DATA EXTRACT:

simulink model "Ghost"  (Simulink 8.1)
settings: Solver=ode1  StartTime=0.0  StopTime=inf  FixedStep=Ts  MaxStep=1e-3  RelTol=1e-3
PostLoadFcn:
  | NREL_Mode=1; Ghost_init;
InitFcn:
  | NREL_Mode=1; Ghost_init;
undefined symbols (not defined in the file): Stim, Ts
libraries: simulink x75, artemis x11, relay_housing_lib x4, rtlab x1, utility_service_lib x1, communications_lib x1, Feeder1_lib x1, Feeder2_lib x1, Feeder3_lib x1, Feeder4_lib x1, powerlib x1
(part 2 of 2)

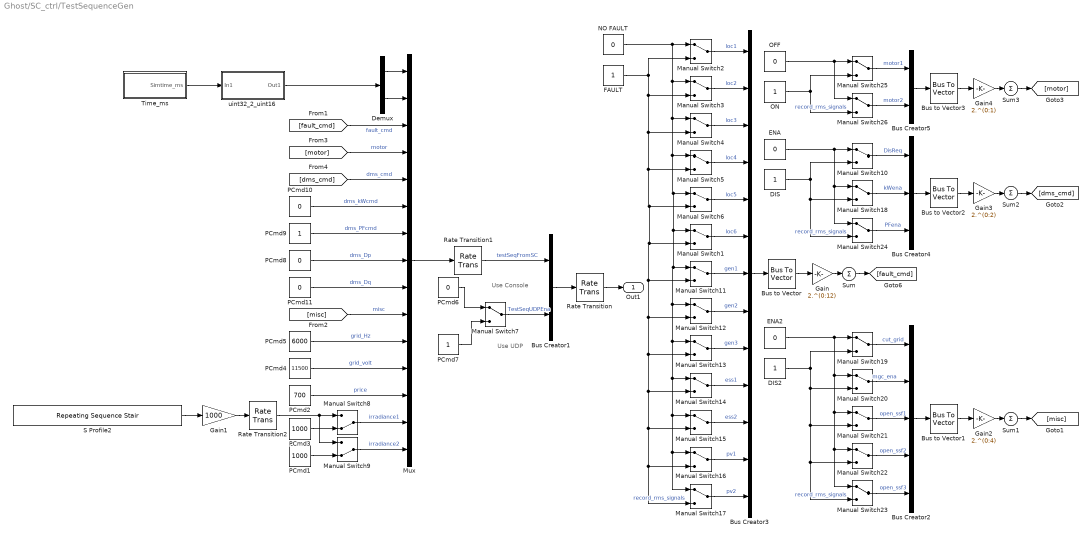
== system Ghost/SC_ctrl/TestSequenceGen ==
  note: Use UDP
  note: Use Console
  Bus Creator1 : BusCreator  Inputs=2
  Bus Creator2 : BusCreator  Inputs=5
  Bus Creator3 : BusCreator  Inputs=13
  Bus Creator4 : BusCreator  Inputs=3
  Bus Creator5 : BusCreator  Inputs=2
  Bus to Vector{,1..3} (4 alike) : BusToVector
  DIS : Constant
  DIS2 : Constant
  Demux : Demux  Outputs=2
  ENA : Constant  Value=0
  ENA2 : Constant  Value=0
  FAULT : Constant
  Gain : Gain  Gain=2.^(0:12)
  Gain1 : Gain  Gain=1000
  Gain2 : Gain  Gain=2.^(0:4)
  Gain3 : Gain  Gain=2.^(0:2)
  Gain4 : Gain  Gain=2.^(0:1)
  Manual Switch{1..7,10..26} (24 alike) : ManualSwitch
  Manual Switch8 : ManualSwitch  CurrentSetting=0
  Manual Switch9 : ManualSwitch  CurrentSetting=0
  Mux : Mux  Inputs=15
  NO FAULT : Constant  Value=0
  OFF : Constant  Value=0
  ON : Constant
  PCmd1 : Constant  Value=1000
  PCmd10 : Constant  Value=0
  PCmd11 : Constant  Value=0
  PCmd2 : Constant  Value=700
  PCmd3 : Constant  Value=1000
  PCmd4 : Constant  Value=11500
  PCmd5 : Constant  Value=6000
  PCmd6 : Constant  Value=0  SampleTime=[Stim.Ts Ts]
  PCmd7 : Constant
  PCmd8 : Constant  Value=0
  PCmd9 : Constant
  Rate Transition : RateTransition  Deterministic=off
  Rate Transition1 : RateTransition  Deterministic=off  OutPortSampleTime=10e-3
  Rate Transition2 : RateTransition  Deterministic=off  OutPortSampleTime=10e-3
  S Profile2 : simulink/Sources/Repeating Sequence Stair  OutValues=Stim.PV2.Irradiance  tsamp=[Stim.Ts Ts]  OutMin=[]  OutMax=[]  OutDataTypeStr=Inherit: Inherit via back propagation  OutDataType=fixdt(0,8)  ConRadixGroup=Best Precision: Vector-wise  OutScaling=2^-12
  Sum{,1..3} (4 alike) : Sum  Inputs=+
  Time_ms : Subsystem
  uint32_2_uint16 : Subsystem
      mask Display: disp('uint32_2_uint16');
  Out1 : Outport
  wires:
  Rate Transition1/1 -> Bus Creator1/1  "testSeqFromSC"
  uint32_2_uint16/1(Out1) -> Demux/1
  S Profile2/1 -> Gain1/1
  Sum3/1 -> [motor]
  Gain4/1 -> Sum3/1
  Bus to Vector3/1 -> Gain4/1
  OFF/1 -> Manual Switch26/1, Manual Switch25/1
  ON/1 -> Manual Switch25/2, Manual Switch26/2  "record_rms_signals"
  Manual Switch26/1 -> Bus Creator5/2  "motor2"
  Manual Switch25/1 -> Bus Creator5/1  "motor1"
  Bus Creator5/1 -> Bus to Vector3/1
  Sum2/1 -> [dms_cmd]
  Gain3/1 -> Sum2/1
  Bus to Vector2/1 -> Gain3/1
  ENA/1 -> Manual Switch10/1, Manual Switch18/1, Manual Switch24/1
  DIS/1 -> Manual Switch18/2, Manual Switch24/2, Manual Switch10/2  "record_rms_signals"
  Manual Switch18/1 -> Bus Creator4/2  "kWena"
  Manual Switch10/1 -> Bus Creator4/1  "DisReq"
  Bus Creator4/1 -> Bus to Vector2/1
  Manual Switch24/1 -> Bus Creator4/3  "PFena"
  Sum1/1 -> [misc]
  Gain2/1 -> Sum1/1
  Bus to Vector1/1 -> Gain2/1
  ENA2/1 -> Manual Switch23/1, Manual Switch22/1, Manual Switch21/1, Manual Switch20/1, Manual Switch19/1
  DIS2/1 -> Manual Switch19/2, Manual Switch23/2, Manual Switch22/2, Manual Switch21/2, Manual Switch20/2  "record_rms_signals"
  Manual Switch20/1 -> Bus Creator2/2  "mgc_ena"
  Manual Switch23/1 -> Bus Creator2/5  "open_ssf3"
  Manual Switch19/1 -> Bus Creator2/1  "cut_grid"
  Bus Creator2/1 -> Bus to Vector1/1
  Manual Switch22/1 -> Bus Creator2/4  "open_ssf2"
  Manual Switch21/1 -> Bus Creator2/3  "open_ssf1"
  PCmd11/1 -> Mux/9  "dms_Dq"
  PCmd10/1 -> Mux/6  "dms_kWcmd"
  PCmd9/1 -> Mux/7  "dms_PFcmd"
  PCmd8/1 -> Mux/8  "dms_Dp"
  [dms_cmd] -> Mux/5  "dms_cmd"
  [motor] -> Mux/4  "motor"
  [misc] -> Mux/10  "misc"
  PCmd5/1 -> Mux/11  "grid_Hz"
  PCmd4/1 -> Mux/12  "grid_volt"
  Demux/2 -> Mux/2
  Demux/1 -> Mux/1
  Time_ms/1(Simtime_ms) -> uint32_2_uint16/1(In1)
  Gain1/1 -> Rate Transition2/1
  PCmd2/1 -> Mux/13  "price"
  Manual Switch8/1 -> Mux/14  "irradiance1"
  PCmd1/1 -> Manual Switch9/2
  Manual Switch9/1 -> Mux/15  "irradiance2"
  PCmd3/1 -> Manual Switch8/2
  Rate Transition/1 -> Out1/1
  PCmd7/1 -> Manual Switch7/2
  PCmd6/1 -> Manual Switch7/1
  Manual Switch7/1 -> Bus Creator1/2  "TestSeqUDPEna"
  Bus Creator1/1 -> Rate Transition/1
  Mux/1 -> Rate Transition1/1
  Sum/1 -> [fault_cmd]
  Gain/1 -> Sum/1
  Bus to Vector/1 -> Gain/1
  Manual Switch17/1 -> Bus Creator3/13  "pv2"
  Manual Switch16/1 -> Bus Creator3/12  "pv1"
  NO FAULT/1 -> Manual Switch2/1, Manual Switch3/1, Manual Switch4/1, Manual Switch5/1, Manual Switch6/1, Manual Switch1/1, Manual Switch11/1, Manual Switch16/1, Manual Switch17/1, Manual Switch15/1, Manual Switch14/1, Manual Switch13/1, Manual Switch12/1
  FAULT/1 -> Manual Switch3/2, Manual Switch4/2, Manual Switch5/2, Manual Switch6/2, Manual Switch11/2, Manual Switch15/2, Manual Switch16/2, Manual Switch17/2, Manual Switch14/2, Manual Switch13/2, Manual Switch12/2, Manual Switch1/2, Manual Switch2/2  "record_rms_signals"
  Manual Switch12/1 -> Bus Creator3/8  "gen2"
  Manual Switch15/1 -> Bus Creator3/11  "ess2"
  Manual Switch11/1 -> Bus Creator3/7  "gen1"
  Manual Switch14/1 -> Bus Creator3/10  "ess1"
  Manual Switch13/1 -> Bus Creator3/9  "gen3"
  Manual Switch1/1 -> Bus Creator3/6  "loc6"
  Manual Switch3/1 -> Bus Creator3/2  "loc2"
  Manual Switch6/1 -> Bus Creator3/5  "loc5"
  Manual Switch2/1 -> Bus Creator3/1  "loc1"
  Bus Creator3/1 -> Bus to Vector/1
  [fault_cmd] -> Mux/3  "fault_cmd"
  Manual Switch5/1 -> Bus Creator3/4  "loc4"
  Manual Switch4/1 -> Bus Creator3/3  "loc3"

EXERCISE OBJECTIVE: Go through the material line by line, tally each line containing "Inputs", and give the total only.

ANSWER TO THIS PROBLEM: 7